En el relato de Rilke, Miguel Ángel, que se afana en escuchar el mensaje de la piedra, busca laboriosamente la complicidad de un ayudante enigmático que guíe su mano ante el mármol: "¿Quién, Dios mío, sino tú?". A Rilke, al evocarlo, le interesa poner de relevancia la conjunción entre los dos factores que permitían la existencia del arte: el trabajo, llevado incluso hasta el agotamiento, y el enigma, vinculado en el cuento a la revelación de la piedra.

Rainer Maria Rilke, en consecuencia, se refugia en la autoridad de Miguel Ángel para exponer sus propios principios. Pero entre ellos permanece el gran mediador, August Rodin, quien, al parecer, contó al poeta los episodios legendarios de la vida de Miguel Ángel y, en especial, la peculiar inclinación que dio título a su narración Aquel que escuchaba a las piedras. Junto a la de Tolstoi, la influencia de Rodin fue las más perdurable en la vida de Rilke, incluso después de la violenta ruptura entre ambos (Rodin, a decir verdad, se deshizo de Rilke).

August Rodin, a quienes tantos trataban de emular, fomentó una auténtica constelación artística a su alrededor, una maestría quizá incomprensible en nuestro tiempo, pero que en el suyo no era imposible, como precisamente demuestra también el caso de Tolstoi (lo recuerda la actual exposición de Caixafòrum, Rodin: la revolución de la escultura).

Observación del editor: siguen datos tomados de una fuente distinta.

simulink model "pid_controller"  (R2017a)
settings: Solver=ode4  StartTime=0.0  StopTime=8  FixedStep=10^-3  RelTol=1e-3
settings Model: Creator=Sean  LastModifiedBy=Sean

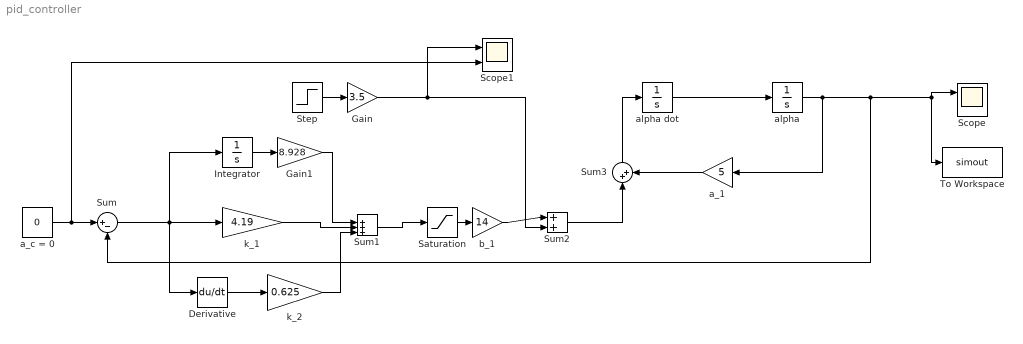
== system pid_controller ==
  Derivative : Derivative
  Gain : Gain  Gain=3.5
  Gain1 : Gain  Gain=8.928
  Integrator : Integrator
  Saturation : Saturate  UpperLimit=pi/3  LowerLimit=-pi/3
  Scope : Scope  NumInputPorts=2
  Scope1 : Scope  NumInputPorts=2
  Step : Step  Time=5  SampleTime=0
  Sum : Sum  Inputs=|+-
  Sum1 : Sum  Inputs=+|++
  Sum2 : Sum  Inputs=|++
  Sum3 : Sum  Inputs=|++
  To Workspace : ToWorkspace  VariableName=simout  SaveFormat=Timeseries  SampleTime=-1
  a_1 : Gain  Gain=5
  a_c = 0 : Constant  Value=0
  alpha : Integrator  InitialCondition=0.12
  alpha dot : Integrator  InitialCondition=0.45
  b_1 : Gain  Gain=14
  k_1 : Gain  Gain=4.19
  k_2 : Gain  Gain=0.625
  wires:
  b_1/1 -> Sum2/1
  Derivative/1 -> k_2/1
  k_2/1 -> Sum1/3
  Sum3/1 -> alpha dot/1
  a_1/1 -> Sum3/2
  k_1/1 -> Sum1/2
  Gain/1 -> Scope1/1, Sum2/2
  Sum2/1 -> Sum3/1
  Saturation/1 -> b_1/1
  Sum/1 -> Integrator/1, Derivative/1, k_1/1
  Sum1/1 -> Saturation/1
  alpha dot/1 -> alpha/1
  a_c = 0/1 -> Scope1/2, Sum/1
  Step/1 -> Gain/1
  Integrator/1 -> Gain1/1
  Gain1/1 -> Sum1/1
  alpha/1 -> Sum/2, To Workspace/1, Scope/1, a_1/1
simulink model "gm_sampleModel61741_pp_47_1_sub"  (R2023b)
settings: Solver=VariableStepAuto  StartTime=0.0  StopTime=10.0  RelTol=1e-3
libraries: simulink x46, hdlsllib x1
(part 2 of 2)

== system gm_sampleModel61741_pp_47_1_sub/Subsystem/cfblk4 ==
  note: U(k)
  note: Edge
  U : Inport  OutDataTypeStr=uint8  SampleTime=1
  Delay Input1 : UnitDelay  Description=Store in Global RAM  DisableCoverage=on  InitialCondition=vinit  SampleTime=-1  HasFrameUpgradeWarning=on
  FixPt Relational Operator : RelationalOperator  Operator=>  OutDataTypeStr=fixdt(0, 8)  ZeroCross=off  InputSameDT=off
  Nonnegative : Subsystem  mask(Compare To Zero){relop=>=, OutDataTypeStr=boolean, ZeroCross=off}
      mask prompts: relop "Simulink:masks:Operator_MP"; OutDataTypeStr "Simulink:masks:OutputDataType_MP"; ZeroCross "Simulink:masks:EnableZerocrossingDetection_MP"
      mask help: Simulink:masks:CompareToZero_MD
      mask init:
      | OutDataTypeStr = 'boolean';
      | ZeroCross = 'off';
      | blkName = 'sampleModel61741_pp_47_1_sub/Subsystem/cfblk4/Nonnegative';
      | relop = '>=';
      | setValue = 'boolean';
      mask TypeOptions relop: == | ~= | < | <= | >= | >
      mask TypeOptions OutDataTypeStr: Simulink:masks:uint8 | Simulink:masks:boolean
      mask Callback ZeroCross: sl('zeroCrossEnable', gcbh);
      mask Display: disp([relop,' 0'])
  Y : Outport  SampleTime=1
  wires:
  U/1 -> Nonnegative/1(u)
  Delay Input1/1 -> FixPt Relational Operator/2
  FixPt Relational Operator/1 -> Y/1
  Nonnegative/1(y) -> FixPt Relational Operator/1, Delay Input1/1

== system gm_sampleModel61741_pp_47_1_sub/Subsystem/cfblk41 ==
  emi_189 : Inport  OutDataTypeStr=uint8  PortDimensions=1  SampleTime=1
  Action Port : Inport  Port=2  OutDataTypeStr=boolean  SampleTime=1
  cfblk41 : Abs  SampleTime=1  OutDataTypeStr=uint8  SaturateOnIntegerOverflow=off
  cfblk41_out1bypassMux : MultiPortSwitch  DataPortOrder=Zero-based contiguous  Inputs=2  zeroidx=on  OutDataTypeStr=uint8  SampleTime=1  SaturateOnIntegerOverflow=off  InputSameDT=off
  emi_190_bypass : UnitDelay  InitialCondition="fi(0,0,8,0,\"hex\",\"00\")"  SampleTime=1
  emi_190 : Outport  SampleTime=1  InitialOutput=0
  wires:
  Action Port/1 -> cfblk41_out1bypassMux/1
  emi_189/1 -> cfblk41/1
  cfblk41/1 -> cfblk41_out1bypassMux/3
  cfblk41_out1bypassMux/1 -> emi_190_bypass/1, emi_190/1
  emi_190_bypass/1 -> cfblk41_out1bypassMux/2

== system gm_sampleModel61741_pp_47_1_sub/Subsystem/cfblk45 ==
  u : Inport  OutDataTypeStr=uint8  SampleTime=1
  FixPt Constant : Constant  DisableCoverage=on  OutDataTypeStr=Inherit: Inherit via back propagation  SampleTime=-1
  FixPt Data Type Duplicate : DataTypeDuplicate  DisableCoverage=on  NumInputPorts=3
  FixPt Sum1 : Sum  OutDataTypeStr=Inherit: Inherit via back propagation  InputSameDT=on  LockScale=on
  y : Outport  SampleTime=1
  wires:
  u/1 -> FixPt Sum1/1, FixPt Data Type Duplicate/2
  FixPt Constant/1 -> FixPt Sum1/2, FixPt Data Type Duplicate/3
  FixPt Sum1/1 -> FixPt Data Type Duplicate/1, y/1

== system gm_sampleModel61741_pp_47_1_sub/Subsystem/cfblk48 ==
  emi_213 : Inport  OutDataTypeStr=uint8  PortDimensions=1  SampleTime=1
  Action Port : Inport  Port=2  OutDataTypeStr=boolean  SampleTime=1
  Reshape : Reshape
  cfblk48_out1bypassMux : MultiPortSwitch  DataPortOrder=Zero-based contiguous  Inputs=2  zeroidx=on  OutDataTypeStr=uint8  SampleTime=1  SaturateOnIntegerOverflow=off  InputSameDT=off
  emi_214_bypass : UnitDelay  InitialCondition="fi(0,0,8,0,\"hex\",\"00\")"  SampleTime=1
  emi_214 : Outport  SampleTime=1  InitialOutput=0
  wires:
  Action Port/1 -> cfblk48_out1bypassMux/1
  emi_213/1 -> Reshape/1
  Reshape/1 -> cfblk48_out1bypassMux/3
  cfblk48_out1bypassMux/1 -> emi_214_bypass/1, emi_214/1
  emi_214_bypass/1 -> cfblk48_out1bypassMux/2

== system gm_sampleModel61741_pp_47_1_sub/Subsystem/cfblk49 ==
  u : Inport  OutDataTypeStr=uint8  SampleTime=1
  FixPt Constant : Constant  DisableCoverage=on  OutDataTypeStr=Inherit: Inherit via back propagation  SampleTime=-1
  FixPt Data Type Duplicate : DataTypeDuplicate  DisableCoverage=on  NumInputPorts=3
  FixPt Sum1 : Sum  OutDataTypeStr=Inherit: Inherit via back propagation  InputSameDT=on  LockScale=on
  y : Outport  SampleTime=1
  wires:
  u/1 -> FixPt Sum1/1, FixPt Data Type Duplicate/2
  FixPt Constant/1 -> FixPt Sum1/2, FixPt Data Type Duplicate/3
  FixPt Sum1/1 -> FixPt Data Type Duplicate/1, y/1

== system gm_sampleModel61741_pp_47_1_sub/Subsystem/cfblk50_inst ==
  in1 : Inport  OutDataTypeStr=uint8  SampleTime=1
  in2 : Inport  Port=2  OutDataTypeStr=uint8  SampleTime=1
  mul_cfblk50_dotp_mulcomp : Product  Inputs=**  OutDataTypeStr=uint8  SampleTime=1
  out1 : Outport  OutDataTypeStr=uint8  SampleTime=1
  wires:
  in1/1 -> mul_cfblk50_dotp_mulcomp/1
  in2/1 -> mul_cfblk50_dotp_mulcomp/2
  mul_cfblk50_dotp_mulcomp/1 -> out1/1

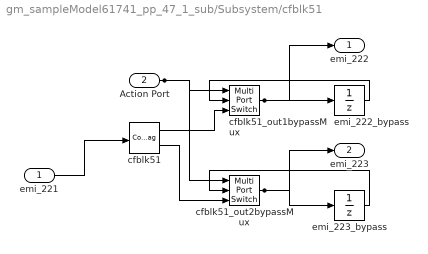
== system gm_sampleModel61741_pp_47_1_sub/Subsystem/cfblk51 ==
  emi_221 : Inport  OutDataTypeStr=uint8  PortDimensions=1  SampleTime=1
  Action Port : Inport  Port=2  OutDataTypeStr=boolean  SampleTime=1
  cfblk51 : ComplexToRealImag  SampleTime=1
  cfblk51_out1bypassMux : MultiPortSwitch  DataPortOrder=Zero-based contiguous  Inputs=2  zeroidx=on  OutDataTypeStr=uint8  SampleTime=1  SaturateOnIntegerOverflow=off  InputSameDT=off
  cfblk51_out2bypassMux : MultiPortSwitch  DataPortOrder=Zero-based contiguous  Inputs=2  zeroidx=on  OutDataTypeStr=uint8  SampleTime=1  SaturateOnIntegerOverflow=off  InputSameDT=off
  emi_222_bypass : UnitDelay  InitialCondition="fi(0,0,8,0,\"hex\",\"00\")"  SampleTime=1
  emi_223_bypass : UnitDelay  InitialCondition="fi(0,0,8,0,\"hex\",\"00\")"  SampleTime=1
  emi_222 : Outport  SampleTime=1  InitialOutput=0
  emi_223 : Outport  Port=2  SampleTime=1  InitialOutput=0
  wires:
  Action Port/1 -> cfblk51_out2bypassMux/1, cfblk51_out1bypassMux/1
  emi_221/1 -> cfblk51/1
  cfblk51/1 -> cfblk51_out1bypassMux/3
  cfblk51/2 -> cfblk51_out2bypassMux/3
  cfblk51_out1bypassMux/1 -> emi_222_bypass/1, emi_222/1
  emi_222_bypass/1 -> cfblk51_out1bypassMux/2
  cfblk51_out2bypassMux/1 -> emi_223_bypass/1, emi_223/1
  emi_223_bypass/1 -> cfblk51_out2bypassMux/2

== system gm_sampleModel61741_pp_47_1_sub/Subsystem/cfblk55 ==
  emi_238 : Inport  OutDataTypeStr=uint8  PortDimensions=1  SampleTime=1
  Action Port : Inport  Port=2  OutDataTypeStr=boolean  SampleTime=1
  cfblk55 : ComplexToRealImag  SampleTime=1
  cfblk55_out1bypassMux : MultiPortSwitch  DataPortOrder=Zero-based contiguous  Inputs=2  zeroidx=on  OutDataTypeStr=uint8  SampleTime=1  SaturateOnIntegerOverflow=off  InputSameDT=off
  cfblk55_term1 : Terminator
  emi_239_bypass : UnitDelay  InitialCondition="fi(0,0,8,0,\"hex\",\"00\")"  SampleTime=1
  emi_239 : Outport  SampleTime=1  InitialOutput=0
  wires:
  Action Port/1 -> cfblk55_out1bypassMux/1
  emi_238/1 -> cfblk55/1
  cfblk55/1 -> cfblk55_out1bypassMux/3
  cfblk55/2 -> cfblk55_term1/1
  cfblk55_out1bypassMux/1 -> emi_239_bypass/1, emi_239/1
  emi_239_bypass/1 -> cfblk55_out1bypassMux/2

== system gm_sampleModel61741_pp_47_1_sub/Subsystem/cfblk56 ==
  emi_247 : Inport  OutDataTypeStr=uint8  PortDimensions=1  SampleTime=1
  Action Port : Inport  Port=2  OutDataTypeStr=boolean  SampleTime=1
  Reshape : Reshape
  cfblk56_out1bypassMux : MultiPortSwitch  DataPortOrder=Zero-based contiguous  Inputs=2  zeroidx=on  OutDataTypeStr=uint8  SampleTime=1  SaturateOnIntegerOverflow=off  InputSameDT=off
  emi_248_bypass : UnitDelay  InitialCondition="fi(0,0,8,0,\"hex\",\"00\")"  SampleTime=1
  emi_248 : Outport  SampleTime=1  InitialOutput=0
  wires:
  Action Port/1 -> cfblk56_out1bypassMux/1
  emi_247/1 -> Reshape/1
  Reshape/1 -> cfblk56_out1bypassMux/3
  cfblk56_out1bypassMux/1 -> emi_248_bypass/1, emi_248/1
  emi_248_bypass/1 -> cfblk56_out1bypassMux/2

Sin embargo, él sólo tenía un modelo absoluto: Miguel Ángel. En sus ensayos sobre el escultor francés, Rilke ha explicado pormenorizadamente esta relación que marcó la larga e intensísima trayectoria de Rodin. Ha sido, con mucha probabilidad, el mayor diálogo de la historia de la escultura.

A Rodin no le interesaba el clasicismo que ocultaba las tensiones interiores bajo una apariencia de elegante armonía. Por el contrario, sus desnudos buscan expresar una pulsión similar a la perseguida por Miguel Ángel. En este sentido su obra maestra, La puerta del infierno, es una declaración de principios pese a que debemos sustituir el cristianismo miguelangeliano por una visión laica y, en ocasiones, pagana. Es muy probable, asimismo, que las impactantes anatomías fragmentadas de Rodin sean herederas directas de los misteriosos non-finito del gran artista florentino.

Con todo, quizá el más decisivo influjo sea invisible y tenga que ver con la "escuela de piedra" de la que habla Rilke en su relato. Como para Miguel Ángel, para Rodin sólo el trabajo es el camino hacia la inspiración y el enigma. Más que al artista moderno, confiado a las veleidades de la originalidad, el escultor francés admiraba al anónimo artesano medieval que, atento a la lección de piedra, cedía su maestría al esfuerzo colectivo que representaba la construcción de la catedral.

Tras tanta arrogancia creativa, quizá debiéramos hacer nuestra su reivindicación del aprendiz: "A menudo en las cosas más modestas es donde uno aprende más. El trabajo es misterioso. Se entrega a los pacientes y a los sencillos, y se niega a los apresurados y a los vanidosos. Se entrega al aprendiz".